A Schematic of the experimental protocol with a total of 24 female mice randomized (1:1 ratio) to the 2 arms of the study. B Body weight at the end of the study. C Infarct size calculated at histology. D–P Echocardiography data were assessed before termination to measure heart rate (D), left ventricular diameters and volumes in systole and diastole (E–H), posterior left ventricular wall thickness (LVWT) in diastole and systole (I, J), Pulsed-wave Doppler FT (K), fractional shortening (FS) (L), ejection fraction (LVEF) (M), stroke volume (SV) (N), cardiac output (CO) (O), and cardiac index (CI) (P). Q–S Vascular density at the level of the peri-infarct border zone and remote zone. Q Representative fluorescent microscopy images showing endothelial cells and vascular smooth muscle cells labelled by Isolectin B4 (IB4, green) and α-smooth muscle actin (αSMA, red), respectively. R, S Bar graphs showing capillary (R), and arteriole density (S). T, U Fibrosis was assessed by Azan Mallory staining (blue). Representative microscopy images (T) and bar graphs showing the values in the two groups (U). V Results of an array assessing the levels of circulating inflammatory factors. Data were analyzed using parametric tests. Data are presented as individual values and standard deviation.

LAV-BPIFB4 exerts inotropic and chronotropic effects on cardiomyocytes

We next asked whether supplementation of BPIFB4 protein may impact cardiomyocyte function. To this aim, we exposed iPSC-derived cardiomyocytes to BPIFB4 isoforms or vehicle (Fig. 2A). Like adult counterparts, iPSC-derived cardiomyocytes were rich in mitochondria, recognized by MitoTracker Red staining. WT-BPIFB4 and LAV-BPIFB4 proteins did not affect mitochondria (Fig. 2B) or sarcomere content (Fig. 2C, D).
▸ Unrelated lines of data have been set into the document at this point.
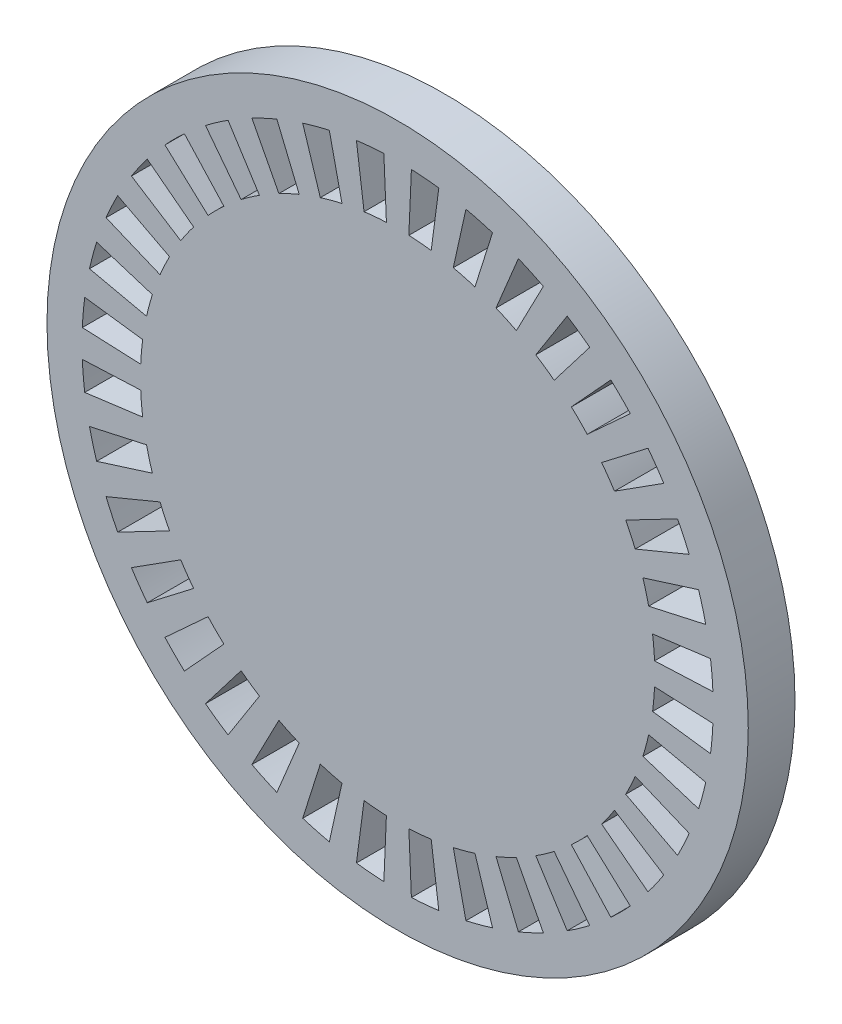
from build123d import *

# Parameters (mm, degrees)
ESQUISSE1_R        = 30
BOSS_EXTRU_1_DEPTH = 4


with BuildPart() as part:
    # Esquisse1 → Boss.-Extru.1 (new body)
    with BuildSketch(Plane.XY):
        Circle(ESQUISSE1_R)
        with BuildLine():
            Line((-26.974301983, -1.177723459), (-21.979060875, -0.959626522))
            ThreePointArc((-21.979060875, -0.959626522), (-21.916283358, -1.91742634), (-21.81178695, -2.871576229))
            Line((-21.81178695, -2.871576229), (-26.769011257, -3.52420719))
            ThreePointArc((-26.769011257, -3.52420719), (-26.897256848, -2.353205054), (-26.974301983, -1.177723459))
        make_face(mode=Mode.SUBTRACT)
        with BuildLine():
            Line((-21.979060875, 0.959626522), (-26.974301983, 1.177723459))
            ThreePointArc((-26.974301983, 1.177723459), (-26.897256848, 2.353205054), (-26.769011257, 3.52420719))
            Line((-26.769011257, 3.52420719), (-21.81178695, 2.871576229))
            ThreePointArc((-21.81178695, 2.871576229), (-21.916283358, 1.91742634), (-21.979060875, 0.959626522))
        make_face(mode=Mode.SUBTRACT)
        with BuildLine():
            ThreePointArc((-20.981772916, 6.615527589), (-21.250368178, 5.694018992), (-21.478512157, 4.761671507))
            Line((-21.478512157, 4.761671507), (-26.359992192, 5.843869576))
            ThreePointArc((-26.359992192, 5.843869576), (-26.07999731, 6.988114218), (-25.75035767, 8.119056587))
            Line((-25.75035767, 8.119056587), (-20.981772916, 6.615527589))
        make_face(mode=Mode.SUBTRACT)
        with BuildLine():
            ThreePointArc((-19.51423833, 10.158469491), (-19.938771315, 9.297601758), (-20.325349715, 8.419035512))
            Line((-20.325349715, 8.419035512), (-24.944747378, 10.332452674))
            ThreePointArc((-24.944747378, 10.332452674), (-24.47031025, 11.410693067), (-23.949292496, 12.467212557))
            Line((-23.949292496, 12.467212557), (-19.51423833, 10.158469491))
        make_face(mode=Mode.SUBTRACT)
        with BuildLine():
            ThreePointArc((-17.453773486, 13.392751438), (-18.021344974, 12.6186816), (-18.554611808, 11.820591384))
            Line((-18.554611808, 11.820591384), (-22.771569037, 14.507089425))
            ThreePointArc((-22.771569037, 14.507089425), (-22.117105196, 15.486563781), (-21.420540188, 16.436558583))
            Line((-21.420540188, 16.436558583), (-17.453773486, 13.392751438))
        make_face(mode=Mode.SUBTRACT)
        with BuildLine():
            ThreePointArc((-14.862984568, 16.22010141), (-15.556349186, 15.556349186), (-16.22010141, 14.862984568))
            Line((-16.22010141, 14.862984568), (-19.906488094, 18.240935606))
            ThreePointArc((-19.906488094, 18.240935606), (-19.091883092, 19.091883092), (-18.240935606, 19.906488094))
            Line((-18.240935606, 19.906488094), (-14.862984568, 16.22010141))
        make_face(mode=Mode.SUBTRACT)
        with BuildLine():
            ThreePointArc((-11.820591384, 18.554611808), (-12.6186816, 18.021344974), (-13.392751438, 17.453773486))
            Line((-13.392751438, 17.453773486), (-16.436558583, 21.420540188))
            ThreePointArc((-16.436558583, 21.420540188), (-15.486563781, 22.117105196), (-14.507089425, 22.771569037))
            Line((-14.507089425, 22.771569037), (-11.820591384, 18.554611808))
        make_face(mode=Mode.SUBTRACT)
        with BuildLine():
            ThreePointArc((-8.419035512, 20.325349715), (-9.297601758, 19.938771315), (-10.158469491, 19.51423833))
            Line((-10.158469491, 19.51423833), (-12.467212557, 23.949292496))
            ThreePointArc((-12.467212557, 23.949292496), (-11.410693067, 24.47031025), (-10.332452674, 24.944747378))
            Line((-10.332452674, 24.944747378), (-8.419035512, 20.325349715))
        make_face(mode=Mode.SUBTRACT)
        with BuildLine():
            ThreePointArc((-4.761671507, 21.478512157), (-5.694018992, 21.250368178), (-6.615527589, 20.981772916))
            Line((-6.615527589, 20.981772916), (-8.119056587, 25.75035767))
            ThreePointArc((-8.119056587, 25.75035767), (-6.988114218, 26.07999731), (-5.843869576, 26.359992192))
            Line((-5.843869576, 26.359992192), (-4.761671507, 21.478512157))
        make_face(mode=Mode.SUBTRACT)
        with BuildLine():
            ThreePointArc((-0.959626522, 21.979060875), (-1.91742634, 21.916283358), (-2.871576229, 21.81178695))
            Line((-2.871576229, 21.81178695), (-3.52420719, 26.769011257))
            ThreePointArc((-3.52420719, 26.769011257), (-2.353205054, 26.897256848), (-1.177723459, 26.974301983))
            Line((-1.177723459, 26.974301983), (-0.959626522, 21.979060875))
        make_face(mode=Mode.SUBTRACT)
        with BuildLine():
            ThreePointArc((2.871576229, 21.81178695), (1.91742634, 21.916283358), (0.959626522, 21.979060875))
            Line((0.959626522, 21.979060875), (1.177723459, 26.974301983))
            ThreePointArc((1.177723459, 26.974301983), (2.353205054, 26.897256848), (3.52420719, 26.769011257))
            Line((3.52420719, 26.769011257), (2.871576229, 21.81178695))
        make_face(mode=Mode.SUBTRACT)
        with BuildLine():
            ThreePointArc((6.615527589, 20.981772916), (5.694018992, 21.250368178), (4.761671507, 21.478512157))
            Line((4.761671507, 21.478512157), (5.843869576, 26.359992192))
            ThreePointArc((5.843869576, 26.359992192), (6.988114218, 26.07999731), (8.119056587, 25.75035767))
            Line((8.119056587, 25.75035767), (6.615527589, 20.981772916))
        make_face(mode=Mode.SUBTRACT)
        with BuildLine():
            ThreePointArc((10.158469491, 19.51423833), (9.297601758, 19.938771315), (8.419035512, 20.325349715))
            Line((8.419035512, 20.325349715), (10.332452674, 24.944747378))
            ThreePointArc((10.332452674, 24.944747378), (11.410693067, 24.47031025), (12.467212557, 23.949292496))
            Line((12.467212557, 23.949292496), (10.158469491, 19.51423833))
        make_face(mode=Mode.SUBTRACT)
        with BuildLine():
            ThreePointArc((13.392751438, 17.453773486), (12.6186816, 18.021344974), (11.820591384, 18.554611808))
            Line((11.820591384, 18.554611808), (14.507089425, 22.771569037))
            ThreePointArc((14.507089425, 22.771569037), (15.486563781, 22.117105196), (16.436558583, 21.420540188))
            Line((16.436558583, 21.420540188), (13.392751438, 17.453773486))
        make_face(mode=Mode.SUBTRACT)
        with BuildLine():
            ThreePointArc((16.22010141, 14.862984568), (15.556349186, 15.556349186), (14.862984568, 16.22010141))
            Line((14.862984568, 16.22010141), (18.240935606, 19.906488094))
            ThreePointArc((18.240935606, 19.906488094), (19.091883092, 19.091883092), (19.906488094, 18.240935606))
            Line((19.906488094, 18.240935606), (16.22010141, 14.862984568))
        make_face(mode=Mode.SUBTRACT)
        with BuildLine():
            ThreePointArc((18.554611808, 11.820591384), (18.021344974, 12.6186816), (17.453773486, 13.392751438))
            Line((17.453773486, 13.392751438), (21.420540188, 16.436558583))
            ThreePointArc((21.420540188, 16.436558583), (22.117105196, 15.486563781), (22.771569037, 14.507089425))
            Line((22.771569037, 14.507089425), (18.554611808, 11.820591384))
        make_face(mode=Mode.SUBTRACT)
        with BuildLine():
            ThreePointArc((20.325349715, 8.419035512), (19.938771315, 9.297601758), (19.51423833, 10.158469491))
            Line((19.51423833, 10.158469491), (23.949292496, 12.467212557))
            ThreePointArc((23.949292496, 12.467212557), (24.47031025, 11.410693067), (24.944747378, 10.332452674))
            Line((24.944747378, 10.332452674), (20.325349715, 8.419035512))
        make_face(mode=Mode.SUBTRACT)
        with BuildLine():
            ThreePointArc((21.478512157, 4.761671507), (21.250368178, 5.694018992), (20.981772916, 6.615527589))
            Line((20.981772916, 6.615527589), (25.75035767, 8.119056587))
            ThreePointArc((25.75035767, 8.119056587), (26.07999731, 6.988114218), (26.359992192, 5.843869576))
            Line((26.359992192, 5.843869576), (21.478512157, 4.761671507))
        make_face(mode=Mode.SUBTRACT)
        with BuildLine():
            ThreePointArc((21.979060875, 0.959626522), (21.916283358, 1.91742634), (21.81178695, 2.871576229))
            Line((21.81178695, 2.871576229), (26.769011257, 3.52420719))
            ThreePointArc((26.769011257, 3.52420719), (26.897256848, 2.353205054), (26.974301983, 1.177723459))
            Line((26.974301983, 1.177723459), (21.979060875, 0.959626522))
        make_face(mode=Mode.SUBTRACT)
        with BuildLine():
            ThreePointArc((21.81178695, -2.871576229), (21.916283358, -1.91742634), (21.979060875, -0.959626522))
            Line((21.979060875, -0.959626522), (26.974301983, -1.177723459))
            ThreePointArc((26.974301983, -1.177723459), (26.897256848, -2.353205054), (26.769011257, -3.52420719))
            Line((26.769011257, -3.52420719), (21.81178695, -2.871576229))
        make_face(mode=Mode.SUBTRACT)
        with BuildLine():
            ThreePointArc((20.981772916, -6.615527589), (21.250368178, -5.694018992), (21.478512157, -4.761671507))
            Line((21.478512157, -4.761671507), (26.359992192, -5.843869576))
            ThreePointArc((26.359992192, -5.843869576), (26.07999731, -6.988114218), (25.75035767, -8.119056587))
            Line((25.75035767, -8.119056587), (20.981772916, -6.615527589))
        make_face(mode=Mode.SUBTRACT)
        with BuildLine():
            ThreePointArc((19.51423833, -10.158469491), (19.938771315, -9.297601758), (20.325349715, -8.419035512))
            Line((20.325349715, -8.419035512), (24.944747378, -10.332452674))
            ThreePointArc((24.944747378, -10.332452674), (24.47031025, -11.410693067), (23.949292496, -12.467212557))
            Line((23.949292496, -12.467212557), (19.51423833, -10.158469491))
        make_face(mode=Mode.SUBTRACT)
        with BuildLine():
            ThreePointArc((17.453773486, -13.392751438), (18.021344974, -12.6186816), (18.554611808, -11.820591384))
            Line((18.554611808, -11.820591384), (22.771569037, -14.507089425))
            ThreePointArc((22.771569037, -14.507089425), (22.117105196, -15.486563781), (21.420540188, -16.436558583))
            Line((21.420540188, -16.436558583), (17.453773486, -13.392751438))
        make_face(mode=Mode.SUBTRACT)
        with BuildLine():
            ThreePointArc((14.862984568, -16.22010141), (15.556349186, -15.556349186), (16.22010141, -14.862984568))
            Line((16.22010141, -14.862984568), (19.906488094, -18.240935606))
            ThreePointArc((19.906488094, -18.240935606), (19.091883092, -19.091883092), (18.240935606, -19.906488094))
            Line((18.240935606, -19.906488094), (14.862984568, -16.22010141))
        make_face(mode=Mode.SUBTRACT)
        with BuildLine():
            ThreePointArc((11.820591384, -18.554611808), (12.6186816, -18.021344974), (13.392751438, -17.453773486))
            Line((13.392751438, -17.453773486), (16.436558583, -21.420540188))
            ThreePointArc((16.436558583, -21.420540188), (15.486563781, -22.117105196), (14.507089425, -22.771569037))
            Line((14.507089425, -22.771569037), (11.820591384, -18.554611808))
        make_face(mode=Mode.SUBTRACT)
        with BuildLine():
            ThreePointArc((8.419035512, -20.325349715), (9.297601758, -19.938771315), (10.158469491, -19.51423833))
            Line((10.158469491, -19.51423833), (12.467212557, -23.949292496))
            ThreePointArc((12.467212557, -23.949292496), (11.410693067, -24.47031025), (10.332452674, -24.944747378))
            Line((10.332452674, -24.944747378), (8.419035512, -20.325349715))
        make_face(mode=Mode.SUBTRACT)
        with BuildLine():
            ThreePointArc((4.761671507, -21.478512157), (5.694018992, -21.250368178), (6.615527589, -20.981772916))
            Line((6.615527589, -20.981772916), (8.119056587, -25.75035767))
            ThreePointArc((8.119056587, -25.75035767), (6.988114218, -26.07999731), (5.843869576, -26.359992192))
            Line((5.843869576, -26.359992192), (4.761671507, -21.478512157))
        make_face(mode=Mode.SUBTRACT)
        with BuildLine():
            ThreePointArc((0.959626522, -21.979060875), (1.91742634, -21.916283358), (2.871576229, -21.81178695))
            Line((2.871576229, -21.81178695), (3.52420719, -26.769011257))
            ThreePointArc((3.52420719, -26.769011257), (2.353205054, -26.897256848), (1.177723459, -26.974301983))
            Line((1.177723459, -26.974301983), (0.959626522, -21.979060875))
        make_face(mode=Mode.SUBTRACT)
        with BuildLine():
            ThreePointArc((-2.871576229, -21.81178695), (-1.91742634, -21.916283358), (-0.959626522, -21.979060875))
            Line((-0.959626522, -21.979060875), (-1.177723459, -26.974301983))
            ThreePointArc((-1.177723459, -26.974301983), (-2.353205054, -26.897256848), (-3.52420719, -26.769011257))
            Line((-3.52420719, -26.769011257), (-2.871576229, -21.81178695))
        make_face(mode=Mode.SUBTRACT)
        with BuildLine():
            ThreePointArc((-6.615527589, -20.981772916), (-5.694018992, -21.250368178), (-4.761671507, -21.478512157))
            Line((-4.761671507, -21.478512157), (-5.843869576, -26.359992192))
            ThreePointArc((-5.843869576, -26.359992192), (-6.988114218, -26.07999731), (-8.119056587, -25.75035767))
            Line((-8.119056587, -25.75035767), (-6.615527589, -20.981772916))
        make_face(mode=Mode.SUBTRACT)
        with BuildLine():
            ThreePointArc((-10.158469491, -19.51423833), (-9.297601758, -19.938771315), (-8.419035512, -20.325349715))
            Line((-8.419035512, -20.325349715), (-10.332452674, -24.944747378))
            ThreePointArc((-10.332452674, -24.944747378), (-11.410693067, -24.47031025), (-12.467212557, -23.949292496))
            Line((-12.467212557, -23.949292496), (-10.158469491, -19.51423833))
        make_face(mode=Mode.SUBTRACT)
        with BuildLine():
            ThreePointArc((-13.392751438, -17.453773486), (-12.6186816, -18.021344974), (-11.820591384, -18.554611808))
            Line((-11.820591384, -18.554611808), (-14.507089425, -22.771569037))
            ThreePointArc((-14.507089425, -22.771569037), (-15.486563781, -22.117105196), (-16.436558583, -21.420540188))
            Line((-16.436558583, -21.420540188), (-13.392751438, -17.453773486))
        make_face(mode=Mode.SUBTRACT)
        with BuildLine():
            ThreePointArc((-16.22010141, -14.862984568), (-15.556349186, -15.556349186), (-14.862984568, -16.22010141))
            Line((-14.862984568, -16.22010141), (-18.240935606, -19.906488094))
            ThreePointArc((-18.240935606, -19.906488094), (-19.091883092, -19.091883092), (-19.906488094, -18.240935606))
            Line((-19.906488094, -18.240935606), (-16.22010141, -14.862984568))
        make_face(mode=Mode.SUBTRACT)
        with BuildLine():
            ThreePointArc((-18.554611808, -11.820591384), (-18.021344974, -12.6186816), (-17.453773486, -13.392751438))
            Line((-17.453773486, -13.392751438), (-21.420540188, -16.436558583))
            ThreePointArc((-21.420540188, -16.436558583), (-22.117105196, -15.486563781), (-22.771569037, -14.507089425))
            Line((-22.771569037, -14.507089425), (-18.554611808, -11.820591384))
        make_face(mode=Mode.SUBTRACT)
        with BuildLine():
            ThreePointArc((-20.325349715, -8.419035512), (-19.938771315, -9.297601758), (-19.51423833, -10.158469491))
            Line((-19.51423833, -10.158469491), (-23.949292496, -12.467212557))
            ThreePointArc((-23.949292496, -12.467212557), (-24.47031025, -11.410693067), (-24.944747378, -10.332452674))
            Line((-24.944747378, -10.332452674), (-20.325349715, -8.419035512))
        make_face(mode=Mode.SUBTRACT)
        with BuildLine():
            ThreePointArc((-21.478512157, -4.761671507), (-21.250368178, -5.694018992), (-20.981772916, -6.615527589))
            Line((-20.981772916, -6.615527589), (-25.75035767, -8.119056587))
            ThreePointArc((-25.75035767, -8.119056587), (-26.07999731, -6.988114218), (-26.359992192, -5.843869576))
            Line((-26.359992192, -5.843869576), (-21.478512157, -4.761671507))
        make_face(mode=Mode.SUBTRACT)
    extrude(amount=BOSS_EXTRU_1_DEPTH)


solid = part.part

Also, no differences were detected in sarcomere length and filament orientation (Fig. 2E, F) [21]. Likewise, no effect on cell apoptosis was observed following treatment with BPIFB4 isoforms (Fig. 2G). The expression of BPIFB4 was identified in the cell cytoplasm (Supplementary Fig. 2). Looking at functional indexes, we found that only LAV-BPIFB4 significantly decreased the average beat-to-beat time, reflecting higher beating frequencies (Fig. 2H, I). Similarly, the contraction amplitude, which corresponds to force development, was significantly increased by both isoforms, yet, with a remarkably higher effect of LAV-BPIFB4 (Fig. 2J). These data indicate that LAV-BPIFB4 exerts chronotropic and inotropic effects on isolated cardiomyocytes.

Fig. 2. LAV-BPIFB4 exerts chronotropic and inotropic effects on isolated cardiomyocytes.

Fig. 2

A Cardiomyocytes were derived from human iPSCs and exposed to BPIFB4 recombinant proteins (WT and LAV) or vehicle (V) in 2–4 independent rounds of cardiac differentiation. Bar scale, 20 μm. B Illustrative images of MitoTracker staining. C–F Data of sarcomere dimensions. Typical staining of α-actinin (red). Bar scale, 50 μm (C). Bar graph showing sarcomere content (D), length (E), and orientation (F). G Effect of LAV-BPIFB4 on cell apoptosis. H–J Functional data: Representative traces (H), and bar graphs showing time between single beats (H, I) and the amplitude of contraction (J). n = 20–80. Data were analyzed using non-parametric tests.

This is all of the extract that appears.